Il est possible que le plozasiran permette de réduire l’utilisation des soins de santé, particulièrement en lien avec la réduction de la survenue de pancréatites et de ses conséquences. En contrepartie, il pourrait aussi augmenter l’utilisation des ressources en santé si les effets secondaires liés au métabolisme du sucre ou à la fonction du foie nécessitent des suivis médicaux. 
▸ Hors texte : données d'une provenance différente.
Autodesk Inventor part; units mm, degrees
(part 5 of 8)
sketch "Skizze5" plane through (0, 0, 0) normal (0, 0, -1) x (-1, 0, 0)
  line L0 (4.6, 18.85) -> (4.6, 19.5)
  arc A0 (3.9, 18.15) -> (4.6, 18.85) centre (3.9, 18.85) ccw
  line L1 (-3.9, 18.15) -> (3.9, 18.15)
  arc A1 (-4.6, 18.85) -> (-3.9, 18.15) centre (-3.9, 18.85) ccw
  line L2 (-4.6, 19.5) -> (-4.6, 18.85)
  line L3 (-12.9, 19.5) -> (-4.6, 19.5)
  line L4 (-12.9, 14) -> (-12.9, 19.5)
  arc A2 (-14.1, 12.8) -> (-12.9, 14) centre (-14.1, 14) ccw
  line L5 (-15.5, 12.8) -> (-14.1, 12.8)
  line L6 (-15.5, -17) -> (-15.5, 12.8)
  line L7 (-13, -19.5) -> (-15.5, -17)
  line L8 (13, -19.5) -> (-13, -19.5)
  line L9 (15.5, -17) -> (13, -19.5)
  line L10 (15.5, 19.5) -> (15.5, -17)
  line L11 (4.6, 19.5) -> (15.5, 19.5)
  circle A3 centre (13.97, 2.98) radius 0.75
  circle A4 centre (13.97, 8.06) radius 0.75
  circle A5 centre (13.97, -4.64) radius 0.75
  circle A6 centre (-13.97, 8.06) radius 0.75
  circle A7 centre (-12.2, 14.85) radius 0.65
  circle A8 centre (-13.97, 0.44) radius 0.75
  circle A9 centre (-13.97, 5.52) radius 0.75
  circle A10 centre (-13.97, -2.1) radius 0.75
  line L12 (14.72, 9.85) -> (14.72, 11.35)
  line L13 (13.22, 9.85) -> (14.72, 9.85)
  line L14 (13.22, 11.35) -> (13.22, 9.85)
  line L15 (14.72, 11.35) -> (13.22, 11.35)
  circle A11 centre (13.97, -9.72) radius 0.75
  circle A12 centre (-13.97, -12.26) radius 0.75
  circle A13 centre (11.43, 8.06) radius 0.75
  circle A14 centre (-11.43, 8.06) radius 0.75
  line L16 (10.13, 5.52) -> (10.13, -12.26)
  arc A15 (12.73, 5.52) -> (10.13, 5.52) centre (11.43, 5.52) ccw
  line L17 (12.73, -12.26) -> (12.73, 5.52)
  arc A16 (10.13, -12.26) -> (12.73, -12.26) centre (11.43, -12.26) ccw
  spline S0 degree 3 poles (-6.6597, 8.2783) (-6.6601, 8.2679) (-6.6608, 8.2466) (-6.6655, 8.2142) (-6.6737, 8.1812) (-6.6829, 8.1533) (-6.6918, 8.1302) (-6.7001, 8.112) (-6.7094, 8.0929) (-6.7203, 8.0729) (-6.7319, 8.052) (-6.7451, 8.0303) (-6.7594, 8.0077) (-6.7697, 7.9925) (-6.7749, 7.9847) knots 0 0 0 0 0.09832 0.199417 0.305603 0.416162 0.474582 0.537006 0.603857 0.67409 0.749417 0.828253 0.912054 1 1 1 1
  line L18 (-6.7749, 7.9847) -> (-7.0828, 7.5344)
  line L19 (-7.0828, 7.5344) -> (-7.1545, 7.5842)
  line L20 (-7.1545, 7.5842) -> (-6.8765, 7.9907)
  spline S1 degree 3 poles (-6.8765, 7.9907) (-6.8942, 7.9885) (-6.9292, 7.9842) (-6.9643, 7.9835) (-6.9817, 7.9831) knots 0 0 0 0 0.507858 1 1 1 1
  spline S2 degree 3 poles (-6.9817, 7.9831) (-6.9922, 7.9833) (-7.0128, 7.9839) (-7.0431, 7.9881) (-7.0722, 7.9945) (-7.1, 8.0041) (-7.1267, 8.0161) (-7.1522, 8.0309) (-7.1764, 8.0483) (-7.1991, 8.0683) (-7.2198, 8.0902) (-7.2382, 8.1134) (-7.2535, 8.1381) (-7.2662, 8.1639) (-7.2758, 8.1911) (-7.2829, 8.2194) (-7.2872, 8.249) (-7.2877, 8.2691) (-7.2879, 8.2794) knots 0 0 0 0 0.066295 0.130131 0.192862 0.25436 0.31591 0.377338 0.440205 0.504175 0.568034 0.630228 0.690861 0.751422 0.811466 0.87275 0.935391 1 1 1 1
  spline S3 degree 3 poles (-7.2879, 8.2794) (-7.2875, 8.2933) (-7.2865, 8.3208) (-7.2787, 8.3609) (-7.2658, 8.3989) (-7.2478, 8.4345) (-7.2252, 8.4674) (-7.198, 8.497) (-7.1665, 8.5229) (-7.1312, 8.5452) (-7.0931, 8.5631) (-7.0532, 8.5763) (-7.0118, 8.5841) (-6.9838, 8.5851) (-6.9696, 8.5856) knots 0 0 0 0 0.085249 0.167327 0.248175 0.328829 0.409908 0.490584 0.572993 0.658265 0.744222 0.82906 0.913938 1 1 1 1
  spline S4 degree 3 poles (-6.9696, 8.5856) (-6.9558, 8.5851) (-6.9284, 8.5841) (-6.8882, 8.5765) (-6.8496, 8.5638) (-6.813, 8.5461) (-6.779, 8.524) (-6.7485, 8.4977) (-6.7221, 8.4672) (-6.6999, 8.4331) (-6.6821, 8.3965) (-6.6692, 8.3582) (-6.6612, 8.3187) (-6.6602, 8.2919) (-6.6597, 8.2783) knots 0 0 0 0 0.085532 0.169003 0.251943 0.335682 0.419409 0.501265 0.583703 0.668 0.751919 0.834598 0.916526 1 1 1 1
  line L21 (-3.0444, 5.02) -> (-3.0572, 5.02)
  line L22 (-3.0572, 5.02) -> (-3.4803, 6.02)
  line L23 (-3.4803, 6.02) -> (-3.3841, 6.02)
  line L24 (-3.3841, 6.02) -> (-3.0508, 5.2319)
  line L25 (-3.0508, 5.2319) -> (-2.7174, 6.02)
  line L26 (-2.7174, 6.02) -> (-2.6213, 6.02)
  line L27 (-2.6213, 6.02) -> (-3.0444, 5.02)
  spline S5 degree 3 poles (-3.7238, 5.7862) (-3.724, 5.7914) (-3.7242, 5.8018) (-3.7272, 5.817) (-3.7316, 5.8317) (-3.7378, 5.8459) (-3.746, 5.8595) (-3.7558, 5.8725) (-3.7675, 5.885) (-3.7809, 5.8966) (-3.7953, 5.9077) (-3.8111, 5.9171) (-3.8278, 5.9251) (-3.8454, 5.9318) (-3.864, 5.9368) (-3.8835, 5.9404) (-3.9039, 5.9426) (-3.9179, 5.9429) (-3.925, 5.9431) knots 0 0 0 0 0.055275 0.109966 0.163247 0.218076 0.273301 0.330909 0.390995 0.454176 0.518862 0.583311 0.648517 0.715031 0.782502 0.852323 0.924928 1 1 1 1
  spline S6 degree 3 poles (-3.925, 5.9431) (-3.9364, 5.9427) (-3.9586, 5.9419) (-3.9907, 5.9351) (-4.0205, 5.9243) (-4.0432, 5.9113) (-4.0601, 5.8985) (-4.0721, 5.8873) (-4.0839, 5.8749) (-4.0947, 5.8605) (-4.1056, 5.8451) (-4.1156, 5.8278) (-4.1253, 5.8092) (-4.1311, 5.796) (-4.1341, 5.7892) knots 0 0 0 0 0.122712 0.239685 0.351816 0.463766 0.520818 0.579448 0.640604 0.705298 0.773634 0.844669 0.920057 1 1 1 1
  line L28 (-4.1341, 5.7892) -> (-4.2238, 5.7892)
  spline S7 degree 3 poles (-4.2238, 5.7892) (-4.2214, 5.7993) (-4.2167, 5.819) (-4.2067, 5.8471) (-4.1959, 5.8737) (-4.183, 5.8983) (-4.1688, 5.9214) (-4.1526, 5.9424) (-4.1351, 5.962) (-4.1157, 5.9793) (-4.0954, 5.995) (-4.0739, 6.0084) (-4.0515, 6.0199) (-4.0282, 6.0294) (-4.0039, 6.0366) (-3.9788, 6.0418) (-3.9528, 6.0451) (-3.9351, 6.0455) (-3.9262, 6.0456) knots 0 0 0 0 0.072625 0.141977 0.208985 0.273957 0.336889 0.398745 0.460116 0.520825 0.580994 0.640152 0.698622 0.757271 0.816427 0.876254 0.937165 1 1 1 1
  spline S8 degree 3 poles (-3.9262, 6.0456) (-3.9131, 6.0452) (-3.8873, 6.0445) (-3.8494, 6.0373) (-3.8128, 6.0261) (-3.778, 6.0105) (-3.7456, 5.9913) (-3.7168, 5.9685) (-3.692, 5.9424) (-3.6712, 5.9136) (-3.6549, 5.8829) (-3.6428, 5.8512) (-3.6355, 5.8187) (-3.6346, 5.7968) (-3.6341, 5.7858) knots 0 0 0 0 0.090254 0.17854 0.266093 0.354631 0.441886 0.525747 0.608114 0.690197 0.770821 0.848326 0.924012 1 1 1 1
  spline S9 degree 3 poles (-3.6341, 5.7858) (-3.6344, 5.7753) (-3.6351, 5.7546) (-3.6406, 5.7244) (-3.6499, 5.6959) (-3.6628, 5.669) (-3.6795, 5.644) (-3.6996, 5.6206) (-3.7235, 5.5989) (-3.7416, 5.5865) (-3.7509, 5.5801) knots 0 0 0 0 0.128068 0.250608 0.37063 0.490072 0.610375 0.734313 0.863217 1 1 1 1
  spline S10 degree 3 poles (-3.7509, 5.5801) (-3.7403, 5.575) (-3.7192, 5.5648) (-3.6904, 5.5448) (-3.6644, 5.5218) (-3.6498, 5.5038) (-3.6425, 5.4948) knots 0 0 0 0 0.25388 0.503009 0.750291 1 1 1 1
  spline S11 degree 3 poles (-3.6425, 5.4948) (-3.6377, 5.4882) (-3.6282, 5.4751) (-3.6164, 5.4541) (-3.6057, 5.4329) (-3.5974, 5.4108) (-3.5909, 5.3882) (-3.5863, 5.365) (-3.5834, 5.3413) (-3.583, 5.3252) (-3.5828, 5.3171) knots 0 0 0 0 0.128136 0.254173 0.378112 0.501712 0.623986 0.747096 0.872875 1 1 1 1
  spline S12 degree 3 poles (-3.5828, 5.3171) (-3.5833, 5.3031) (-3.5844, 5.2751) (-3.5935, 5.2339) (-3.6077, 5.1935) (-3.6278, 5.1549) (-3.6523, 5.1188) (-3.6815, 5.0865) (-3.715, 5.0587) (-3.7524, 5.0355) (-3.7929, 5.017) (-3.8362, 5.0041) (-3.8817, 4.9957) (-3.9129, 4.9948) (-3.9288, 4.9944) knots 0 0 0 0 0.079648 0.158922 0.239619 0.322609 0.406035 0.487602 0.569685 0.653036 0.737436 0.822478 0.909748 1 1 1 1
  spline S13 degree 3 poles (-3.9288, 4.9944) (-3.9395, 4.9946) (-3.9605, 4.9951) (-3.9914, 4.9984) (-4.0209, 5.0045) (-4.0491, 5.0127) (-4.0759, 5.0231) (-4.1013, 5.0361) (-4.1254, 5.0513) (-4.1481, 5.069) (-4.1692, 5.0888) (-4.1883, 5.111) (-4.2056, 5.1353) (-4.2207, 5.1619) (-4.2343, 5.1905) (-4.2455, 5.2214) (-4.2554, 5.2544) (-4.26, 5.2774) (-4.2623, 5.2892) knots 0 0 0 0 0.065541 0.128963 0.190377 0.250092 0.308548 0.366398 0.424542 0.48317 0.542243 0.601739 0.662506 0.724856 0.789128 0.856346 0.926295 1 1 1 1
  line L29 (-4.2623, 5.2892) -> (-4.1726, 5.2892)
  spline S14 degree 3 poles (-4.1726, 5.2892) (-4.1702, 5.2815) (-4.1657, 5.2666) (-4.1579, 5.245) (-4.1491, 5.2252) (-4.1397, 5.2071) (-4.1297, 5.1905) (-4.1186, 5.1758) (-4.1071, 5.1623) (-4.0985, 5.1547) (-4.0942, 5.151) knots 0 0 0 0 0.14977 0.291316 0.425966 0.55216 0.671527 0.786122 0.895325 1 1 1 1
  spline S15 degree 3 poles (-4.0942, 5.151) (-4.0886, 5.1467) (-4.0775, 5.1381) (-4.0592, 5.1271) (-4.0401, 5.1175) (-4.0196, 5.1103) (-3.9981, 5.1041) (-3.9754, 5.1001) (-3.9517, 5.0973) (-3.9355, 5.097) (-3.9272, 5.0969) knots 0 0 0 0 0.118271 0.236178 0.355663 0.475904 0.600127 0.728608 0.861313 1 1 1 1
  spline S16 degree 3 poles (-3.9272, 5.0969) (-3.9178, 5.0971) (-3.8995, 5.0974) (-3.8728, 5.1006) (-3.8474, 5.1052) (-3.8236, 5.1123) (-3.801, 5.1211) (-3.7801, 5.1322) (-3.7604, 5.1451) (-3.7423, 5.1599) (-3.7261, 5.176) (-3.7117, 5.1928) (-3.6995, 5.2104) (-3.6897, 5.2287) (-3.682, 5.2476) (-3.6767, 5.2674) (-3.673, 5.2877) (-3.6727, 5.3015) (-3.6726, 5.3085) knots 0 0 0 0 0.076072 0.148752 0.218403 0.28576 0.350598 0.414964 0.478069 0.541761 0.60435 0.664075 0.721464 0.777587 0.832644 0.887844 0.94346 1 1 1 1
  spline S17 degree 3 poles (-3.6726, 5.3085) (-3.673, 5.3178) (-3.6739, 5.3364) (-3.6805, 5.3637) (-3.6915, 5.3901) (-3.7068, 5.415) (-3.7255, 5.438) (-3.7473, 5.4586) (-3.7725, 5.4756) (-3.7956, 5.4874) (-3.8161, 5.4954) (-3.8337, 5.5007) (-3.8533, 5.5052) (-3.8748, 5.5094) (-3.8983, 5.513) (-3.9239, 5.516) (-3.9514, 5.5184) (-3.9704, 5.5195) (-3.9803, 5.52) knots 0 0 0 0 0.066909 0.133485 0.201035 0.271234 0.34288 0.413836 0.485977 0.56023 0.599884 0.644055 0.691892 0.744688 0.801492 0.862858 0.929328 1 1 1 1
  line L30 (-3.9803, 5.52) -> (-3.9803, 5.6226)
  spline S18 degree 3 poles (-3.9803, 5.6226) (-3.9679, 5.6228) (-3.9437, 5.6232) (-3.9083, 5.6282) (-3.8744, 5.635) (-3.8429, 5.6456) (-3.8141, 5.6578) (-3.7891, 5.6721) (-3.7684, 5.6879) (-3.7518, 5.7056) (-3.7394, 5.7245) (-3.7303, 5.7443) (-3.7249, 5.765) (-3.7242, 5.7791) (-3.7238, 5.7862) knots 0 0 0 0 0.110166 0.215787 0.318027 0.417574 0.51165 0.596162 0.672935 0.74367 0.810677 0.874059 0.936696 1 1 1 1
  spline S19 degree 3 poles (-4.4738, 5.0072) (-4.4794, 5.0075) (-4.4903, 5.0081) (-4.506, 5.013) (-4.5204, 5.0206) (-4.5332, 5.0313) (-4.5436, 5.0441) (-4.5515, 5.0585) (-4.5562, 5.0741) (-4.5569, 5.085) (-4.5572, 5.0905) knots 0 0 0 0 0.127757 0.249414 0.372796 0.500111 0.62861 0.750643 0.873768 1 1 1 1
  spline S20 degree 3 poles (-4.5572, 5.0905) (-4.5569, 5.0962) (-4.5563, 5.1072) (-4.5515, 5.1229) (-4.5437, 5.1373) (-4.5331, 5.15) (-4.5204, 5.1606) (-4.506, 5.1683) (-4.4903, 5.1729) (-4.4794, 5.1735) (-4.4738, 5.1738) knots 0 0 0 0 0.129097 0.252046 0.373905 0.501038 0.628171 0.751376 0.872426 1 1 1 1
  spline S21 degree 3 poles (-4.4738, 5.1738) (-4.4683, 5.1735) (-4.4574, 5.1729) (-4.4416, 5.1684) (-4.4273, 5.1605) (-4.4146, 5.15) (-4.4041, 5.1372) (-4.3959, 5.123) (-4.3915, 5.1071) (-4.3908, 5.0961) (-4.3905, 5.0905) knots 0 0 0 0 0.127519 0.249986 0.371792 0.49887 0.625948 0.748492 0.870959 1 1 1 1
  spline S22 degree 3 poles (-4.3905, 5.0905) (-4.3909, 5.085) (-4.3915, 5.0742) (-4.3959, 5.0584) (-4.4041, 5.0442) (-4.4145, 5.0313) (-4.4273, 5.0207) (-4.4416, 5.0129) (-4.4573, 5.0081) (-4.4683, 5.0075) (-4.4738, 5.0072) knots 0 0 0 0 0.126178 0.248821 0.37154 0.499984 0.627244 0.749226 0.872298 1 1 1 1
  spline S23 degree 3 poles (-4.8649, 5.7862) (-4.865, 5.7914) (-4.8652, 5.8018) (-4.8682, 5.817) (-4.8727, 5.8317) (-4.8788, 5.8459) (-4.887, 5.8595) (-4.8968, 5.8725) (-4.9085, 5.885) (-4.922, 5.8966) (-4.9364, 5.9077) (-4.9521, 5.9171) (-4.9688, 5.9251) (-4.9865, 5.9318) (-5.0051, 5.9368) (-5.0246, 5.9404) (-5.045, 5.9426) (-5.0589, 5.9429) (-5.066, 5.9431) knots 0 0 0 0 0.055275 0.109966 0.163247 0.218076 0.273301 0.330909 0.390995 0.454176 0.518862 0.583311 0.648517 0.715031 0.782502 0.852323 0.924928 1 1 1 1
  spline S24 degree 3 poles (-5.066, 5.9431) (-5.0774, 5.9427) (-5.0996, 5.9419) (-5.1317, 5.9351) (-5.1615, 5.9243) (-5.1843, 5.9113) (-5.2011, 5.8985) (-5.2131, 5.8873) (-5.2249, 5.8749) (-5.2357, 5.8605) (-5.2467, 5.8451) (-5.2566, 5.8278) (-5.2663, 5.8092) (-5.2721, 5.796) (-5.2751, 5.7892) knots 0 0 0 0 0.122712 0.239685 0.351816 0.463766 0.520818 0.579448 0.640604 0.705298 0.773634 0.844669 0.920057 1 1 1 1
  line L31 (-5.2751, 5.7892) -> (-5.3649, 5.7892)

L’INESSS est conscient qu’il est important, pour les patients et leurs proches, d’avoir accès à différentes options de traitement pouvant réduire le risque de complications liées au taux élevé de TG associé à la maladie et leur permettant de maintenir une bonne qualité de vie. Dans un contexte de ressources limitées, il doit formuler des recommandations pour que ces ressources soient investies de façon responsable dans l’ensemble du système de santé. Par conséquent, puisque le plozasiran possède un coût très élevé par rapport aux bénéfices démontrés et qu’il engendre des coûts très importants sur le budget de la RAMQ, l’INESSS recommande à la ministre de ne pas rembourser RedemploMC.